Economic history, from the end of the reconstruction period—that is, since 1950—is profoundly different from that of the interwar period. Industrialized capitalist countries have experienced, for more than fifteen years, a very rapid rate of growth, and the recessions recorded bear no comparison with the cyclical movements of the nineteenth century or the catastrophic depression of the 1930s. The acceleration of growth and the reduction in the amplitude of fluctuations are the two essential characteristics of postwar economic development. Western European countries have been the main beneficiaries of this improvement, and recessions have been marked only by a slowdown rather than a reversal of the trend. In most Western countries, annual indices of total and industrial production continue to grow—though more slowly during the recessions of 1951–1952 and 1958. The United States and Great Britain constitute an exception, but the scale of the downturn remains very limited compared with what had been experienced in the past.
The Rate of Growth
Reports from the OECD and the United Nations constitute a rich source of information on the history of growth and development since the war. Nevertheless, the fundamental work of Angus Maddison will serve as the basis for analyzing the main stages of economic growth in capitalist countries. While between 1913 and 1950 average annual growth rates declined under the influence of the two world wars, the period after 1950 shows a clear reversal. Before 1914, the United States and Canada led the capitalist world and retained first place with rates of 2.9% and 2.8%, respectively, between 1913 and 1950, despite the disruptions caused by the wars—unlike European countries. After 1950, the situation changes: between 1950 and 1960, only Belgium and Great Britain recorded lower average annual growth rates than the United States, which fell to ninth place in this growth race.

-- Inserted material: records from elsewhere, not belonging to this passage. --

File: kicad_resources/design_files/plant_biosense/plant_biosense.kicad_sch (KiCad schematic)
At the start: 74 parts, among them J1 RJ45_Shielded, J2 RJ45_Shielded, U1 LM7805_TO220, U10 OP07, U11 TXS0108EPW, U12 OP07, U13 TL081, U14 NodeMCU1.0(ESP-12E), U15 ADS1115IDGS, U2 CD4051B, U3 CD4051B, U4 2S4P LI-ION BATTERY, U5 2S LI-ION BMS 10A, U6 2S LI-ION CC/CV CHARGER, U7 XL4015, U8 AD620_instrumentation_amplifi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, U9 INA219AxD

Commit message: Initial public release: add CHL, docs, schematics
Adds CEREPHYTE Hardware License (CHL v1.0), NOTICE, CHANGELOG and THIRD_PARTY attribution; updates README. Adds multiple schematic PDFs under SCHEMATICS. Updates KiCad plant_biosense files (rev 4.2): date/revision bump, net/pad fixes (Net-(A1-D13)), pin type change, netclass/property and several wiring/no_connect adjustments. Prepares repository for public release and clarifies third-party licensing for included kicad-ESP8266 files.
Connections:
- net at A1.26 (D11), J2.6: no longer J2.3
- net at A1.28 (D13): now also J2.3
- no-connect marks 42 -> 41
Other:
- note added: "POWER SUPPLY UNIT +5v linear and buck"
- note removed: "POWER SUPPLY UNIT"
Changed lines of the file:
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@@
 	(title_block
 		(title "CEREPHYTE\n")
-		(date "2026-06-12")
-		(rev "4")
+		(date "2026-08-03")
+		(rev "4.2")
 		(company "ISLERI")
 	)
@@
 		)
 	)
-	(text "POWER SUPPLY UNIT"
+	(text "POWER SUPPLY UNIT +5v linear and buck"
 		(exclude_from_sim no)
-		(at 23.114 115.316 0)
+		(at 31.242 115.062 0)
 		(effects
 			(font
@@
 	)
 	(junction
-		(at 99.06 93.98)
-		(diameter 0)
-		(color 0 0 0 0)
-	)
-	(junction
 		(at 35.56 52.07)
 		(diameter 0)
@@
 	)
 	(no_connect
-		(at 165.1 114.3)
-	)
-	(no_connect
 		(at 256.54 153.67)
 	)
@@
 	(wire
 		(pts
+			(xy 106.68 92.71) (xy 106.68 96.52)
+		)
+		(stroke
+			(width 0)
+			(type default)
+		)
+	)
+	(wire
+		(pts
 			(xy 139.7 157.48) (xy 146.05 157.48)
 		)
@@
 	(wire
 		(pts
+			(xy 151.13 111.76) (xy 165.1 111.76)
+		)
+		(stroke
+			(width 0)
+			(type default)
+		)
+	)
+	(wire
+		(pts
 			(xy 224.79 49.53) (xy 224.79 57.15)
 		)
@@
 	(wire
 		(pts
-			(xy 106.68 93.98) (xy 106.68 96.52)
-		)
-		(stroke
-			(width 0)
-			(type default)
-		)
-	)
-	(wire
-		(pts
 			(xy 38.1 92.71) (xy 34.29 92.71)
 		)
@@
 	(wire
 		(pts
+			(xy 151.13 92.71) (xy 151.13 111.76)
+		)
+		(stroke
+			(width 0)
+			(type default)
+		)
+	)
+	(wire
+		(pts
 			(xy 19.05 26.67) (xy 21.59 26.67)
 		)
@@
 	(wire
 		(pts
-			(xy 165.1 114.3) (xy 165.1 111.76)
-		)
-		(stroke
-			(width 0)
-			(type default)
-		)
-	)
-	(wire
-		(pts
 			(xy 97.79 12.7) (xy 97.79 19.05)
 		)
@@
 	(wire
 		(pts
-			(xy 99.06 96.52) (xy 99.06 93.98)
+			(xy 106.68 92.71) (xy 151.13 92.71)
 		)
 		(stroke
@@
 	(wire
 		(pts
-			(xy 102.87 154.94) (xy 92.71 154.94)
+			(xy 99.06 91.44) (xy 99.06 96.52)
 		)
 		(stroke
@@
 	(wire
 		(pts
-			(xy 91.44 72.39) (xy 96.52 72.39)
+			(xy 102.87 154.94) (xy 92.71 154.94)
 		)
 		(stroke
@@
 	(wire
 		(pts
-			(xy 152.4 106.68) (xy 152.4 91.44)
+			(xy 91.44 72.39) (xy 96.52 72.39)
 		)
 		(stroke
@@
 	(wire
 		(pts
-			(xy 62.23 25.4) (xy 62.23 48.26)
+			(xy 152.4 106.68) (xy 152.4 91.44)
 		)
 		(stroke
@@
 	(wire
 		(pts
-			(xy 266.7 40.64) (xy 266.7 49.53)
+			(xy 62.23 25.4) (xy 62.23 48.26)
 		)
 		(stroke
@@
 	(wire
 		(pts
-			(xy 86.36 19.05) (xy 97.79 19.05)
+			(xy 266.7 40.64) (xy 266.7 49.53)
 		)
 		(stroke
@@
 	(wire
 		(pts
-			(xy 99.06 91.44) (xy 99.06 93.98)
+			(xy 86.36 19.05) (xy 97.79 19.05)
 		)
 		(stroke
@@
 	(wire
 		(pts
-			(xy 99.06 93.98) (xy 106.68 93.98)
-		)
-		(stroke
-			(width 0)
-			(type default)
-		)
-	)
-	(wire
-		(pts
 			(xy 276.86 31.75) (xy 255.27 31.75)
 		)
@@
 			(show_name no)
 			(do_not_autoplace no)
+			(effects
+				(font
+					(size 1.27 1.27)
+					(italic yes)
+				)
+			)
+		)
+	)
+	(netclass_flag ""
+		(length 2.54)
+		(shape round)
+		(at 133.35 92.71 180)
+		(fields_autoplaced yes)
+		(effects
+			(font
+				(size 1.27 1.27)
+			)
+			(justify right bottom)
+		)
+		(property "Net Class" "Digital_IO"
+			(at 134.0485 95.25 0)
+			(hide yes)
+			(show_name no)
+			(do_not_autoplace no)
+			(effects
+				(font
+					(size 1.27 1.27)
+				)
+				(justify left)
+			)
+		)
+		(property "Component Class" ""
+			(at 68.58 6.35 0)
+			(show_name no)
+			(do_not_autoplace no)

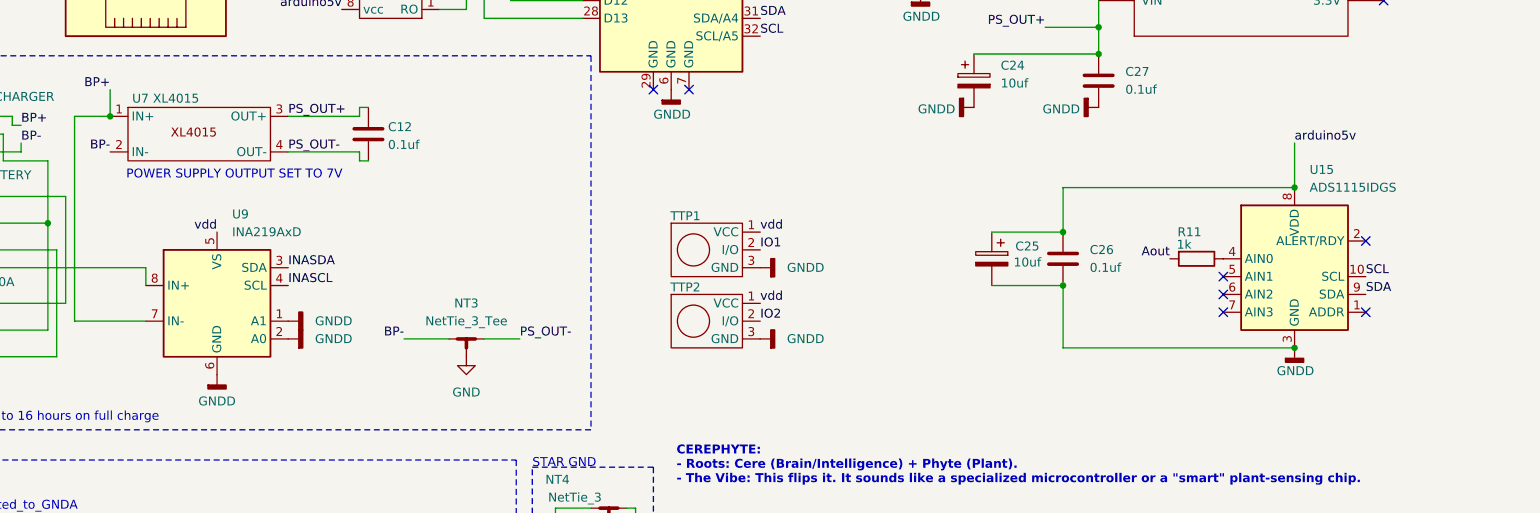
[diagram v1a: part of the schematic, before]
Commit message: Improve biosense BOM and schematic layout
Updated the Plant Biosense BOM with KiCad export fields, datasheet links, and corrected component metadata. Refreshed the designator list in the project file and adjusted the schematic layout by moving the XL4015 output note, adding a capacitive touch interface annotation, and aligning related symbols and wiring for a cleaner design.
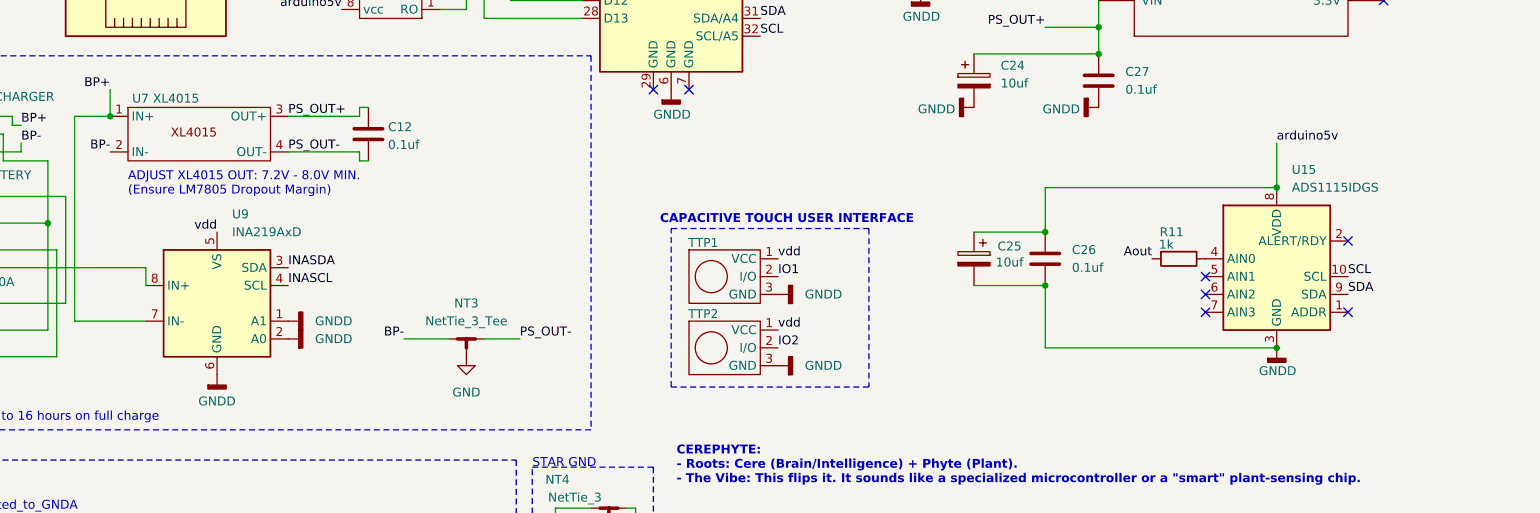
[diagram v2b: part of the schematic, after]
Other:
- note added: "ADJUST XL4015 OUT: 7.2V - 8.0V MIN. (Ensure LM7805 Dropout Margin)"
- note added: "CAPACITIVE TOUCH USER INTERFACE"
- note removed: "POWER SUPPLY OUTPUT SET TO 7V"
- moved on the sheet: C25, C26, R11, TTP1, TTP2, U15

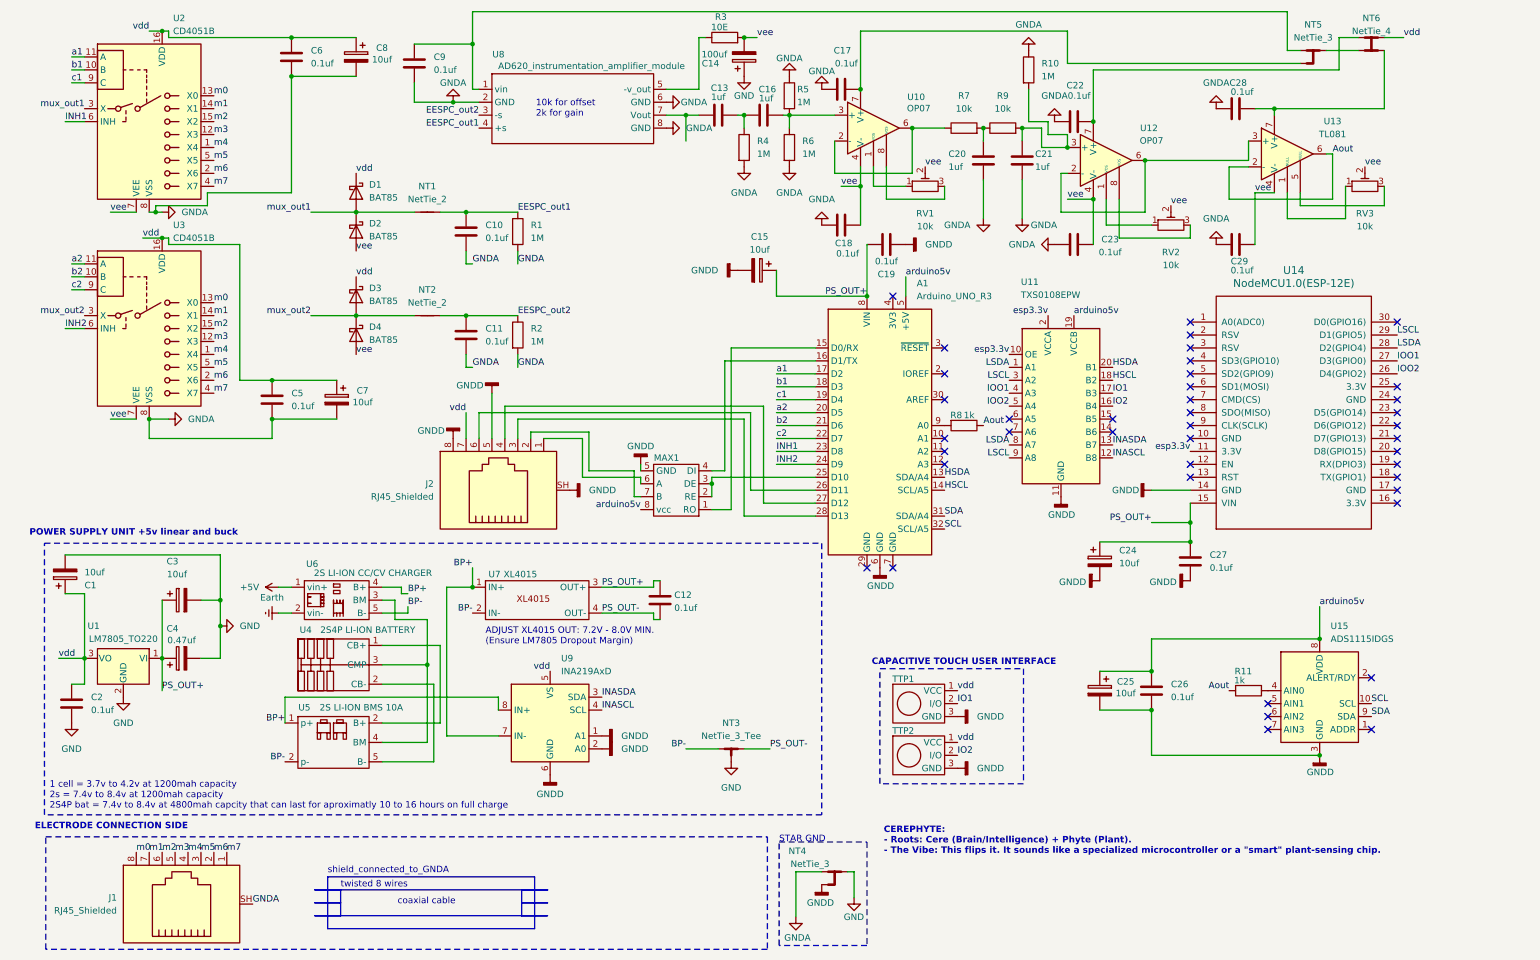
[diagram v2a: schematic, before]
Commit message: 16 october 2026
Finalize CEREPHYTE Rev. 4.2 schematic architecture

- Finalize power supply, analog front-end, ADC, and microcontroller architecture
- Configure XL4015 buck converter for regulated 5V VDD
- Document INA219 and ADS1115 I2C addresses
- Define split analog/digital grounding topology
- Prepare schematic for physical protoboard implementation

Author: Omm Prakash Das
Date: 2026-10-16
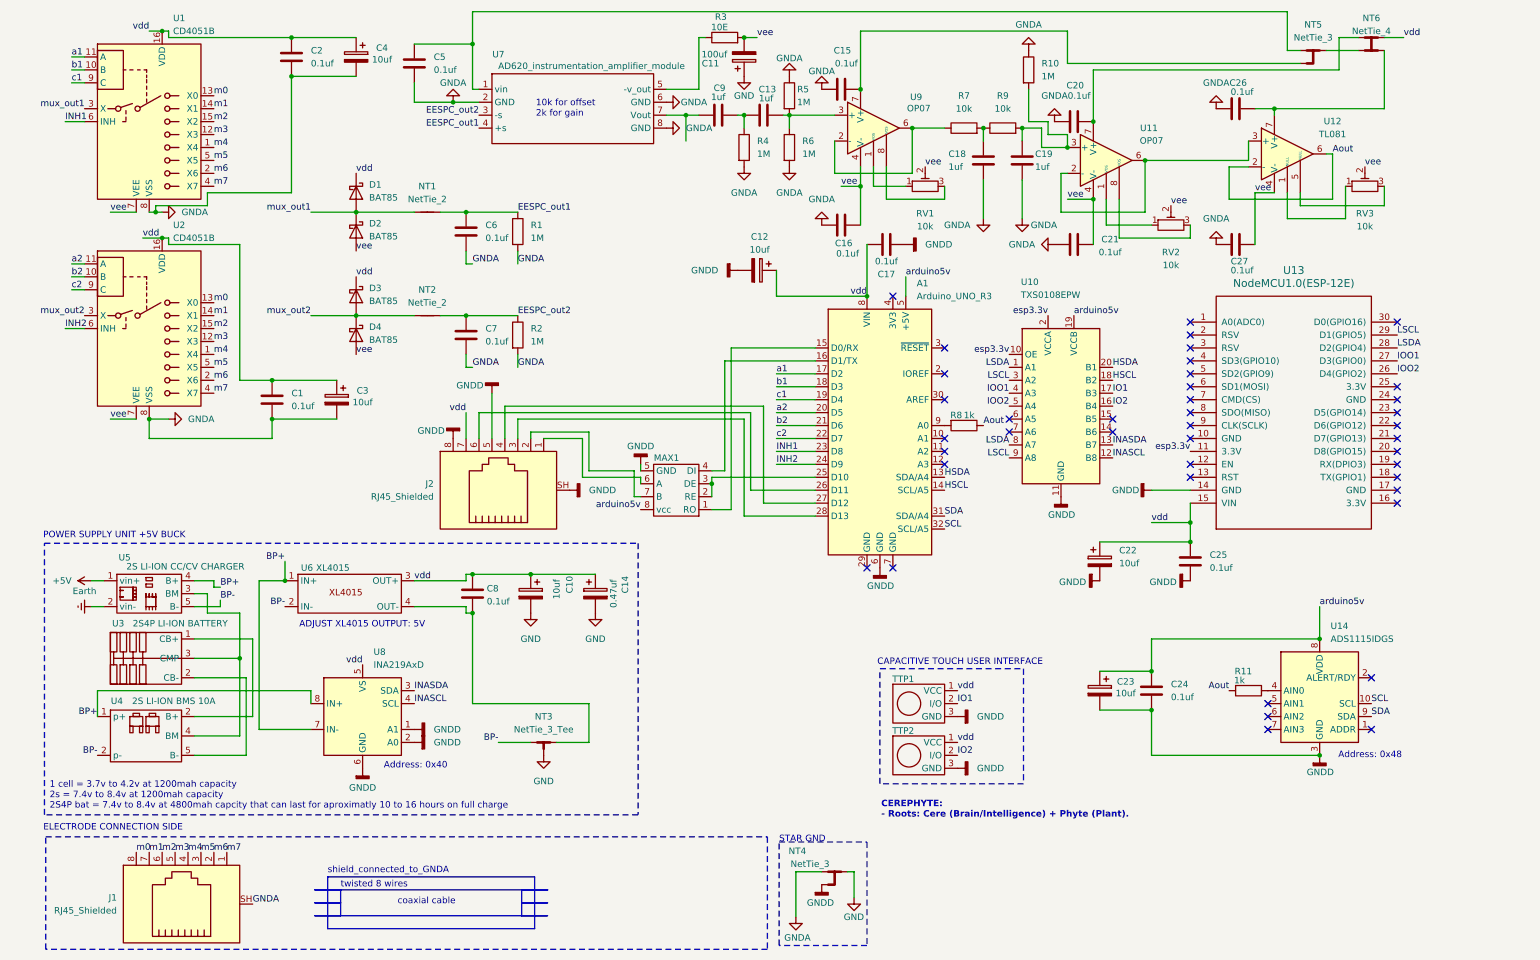
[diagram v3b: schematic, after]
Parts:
- removed C1, C3: 10uf, Capacitor_THT:CP_Radial_D5.0mm_P2.00mm, symbol Device:C_Polarized
- removed C2: 0.1uf, Capacitor_THT:C_Disc_D5.0mm_W2.5mm_P2.50mm, symbol Device:C
- removed C4: 0.47uf, Capacitor_THT:CP_Radial_D5.0mm_P2.00mm, symbol Device:C_Polarized
- removed U1: LM7805_TO220, Package_TO_SOT_THT:TO-220-3_Vertical, symbol Regulator_Linear:LM7805_TO220
- added C10: 10uf, Capacitor_THT:CP_Radial_D5.0mm_P2.00mm, symbol Device:C_Polarized
- added C14: 0.47uf, Capacitor_THT:CP_Radial_D5.0mm_P2.00mm, symbol Device:C_Polarized
- renumbered C5 to C1, C14 to C11, C15 to C12, C16 to C13, C17 to C15, C18 to C16, C19 to C17, C20 to C18, C21 to C19, C6 to C2, C22 to C20, C23 to C21, C24 to C22, C25 to C23, C26 to C24, C27 to C25, C28 to C26, C29 to C27, C7 to C3, C8 to C4, C9 to C5, C10 to C6, C11 to C7, C12 to C8, C13 to C9, U2 to U1, U11 to U10, U12 to U11, U13 to U12, U14 to U13, U15 to U14, U3 to U2, U4 to U3, U5 to U4, U6 to U5, U7 to U6, U8 to U7, U9 to U8, U10 to U9
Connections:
- net PS_OUT+ is gone; now on net vdd: A1.8 (VIN), C12.1, C17.1, C22.1, C25.1, C8.1, U13.15 (VIN), U6.3 (OUT+)
- net GND: now also C10.2, C14.2
- net vdd: now also C10.1, C14.1
- net PS_OUT-: no longer names the net of C8.2, NT3.2, U6.4 (OUT-)
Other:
- note added: "ADJUST XL4015 OUTPUT: 5V"
- note added: "Address: 0x40"
- note added: "Address: 0x48"
- note added: "CEREPHYTE: - Roots: Cere (Brain/Intelligence) + Phyte (Plant)."
- note added: "POWER SUPPLY UNIT +5V BUCK"
- note removed: "ADJUST XL4015 OUT: 7.2V - 8.0V MIN. (Ensure LM7805 Dropout Margin)"
- note removed: "CEREPHYTE: - Roots: Cere (Brain/Intelligence) + Phyte (Plant). - The Vibe: This flips it. It sounds like a specialized microcontroller or a "smart" plant-sensing chip."
- note removed: "POWER SUPPLY UNIT +5v linear and buck"
- moved on the sheet: C8, NT3, U3, U4, U5, U6, U8

This period was marked by reconstruction efforts that created investment opportunities and accelerated growth. Between 1956 and 1961, some countries experienced slight slowdowns, but Denmark, Italy, Sweden, and Switzerland grew at faster rates than during 1950–1960. From the end of the war, two distinct groups of countries emerge: one with rapid growth, the other with weaker growth and greater sensitivity to recessions. West Germany and Italy lead the first group, although rankings vary between the two periods examined. During 1950–1960, Germany leads with 7.6%, followed by Italy with 5.9%, then Switzerland (5.1%), the Netherlands (4.9%), France (4.4%), Canada (3.9%), Norway (3.5%), Denmark and Sweden (3.3%), the United States (3.2%), Belgium (2.9%), and Great Britain (2.6%). Between 1956 and 1961, Italy moves into first place, followed by Germany, Switzerland, and Denmark, while France remains fifth after overtaking the Netherlands.
Alongside these rapidly growing countries, the United States, Canada, Belgium, and Great Britain display relatively weak growth rates, below the overall average. Between 1956 and 1961, their average annual growth rates fall below the levels recorded between 1870 and 1913. However, like the faster-growing countries, they avoided catastrophic depressions—this being a major novelty of the postwar period. These results were achieved in a context of significantly increasing total populations and relatively stable active populations, except in West Germany due to the labor supply provided by Eastern refugees.
Productivity growth also played a decisive role. For the twelve Western countries studied, productivity increased by 3.5% annually between 1950 and 1960. Notably, productivity growth in the United States remained stable at 2.4% across the three periods examined. European countries—except Great Britain and Belgium—experienced faster productivity growth than the United States, reflecting a parallel trend between output growth and productivity gains.
It is important not to confuse these growth rates with absolute values. The productivity of American industry remained significantly higher than that of European industry, largely due to economies of scale. Finally, the evolution of per capita output between 1950 and 1960 confirms the overall pattern: Germany and Italy lead, while the last four countries are Belgium, Great Britain, the United States, and Canada. Nevertheless, Great Britain and Belgium, with increases of 2.2% and 2.3%, are not far from the European average and share with other European countries the fact that they had never previously experienced such high per capita growth rates. In contrast, the United States and Canada had already experienced higher per capita growth at the end of the nineteenth century and up to 1950 than during the 1950–1960 period.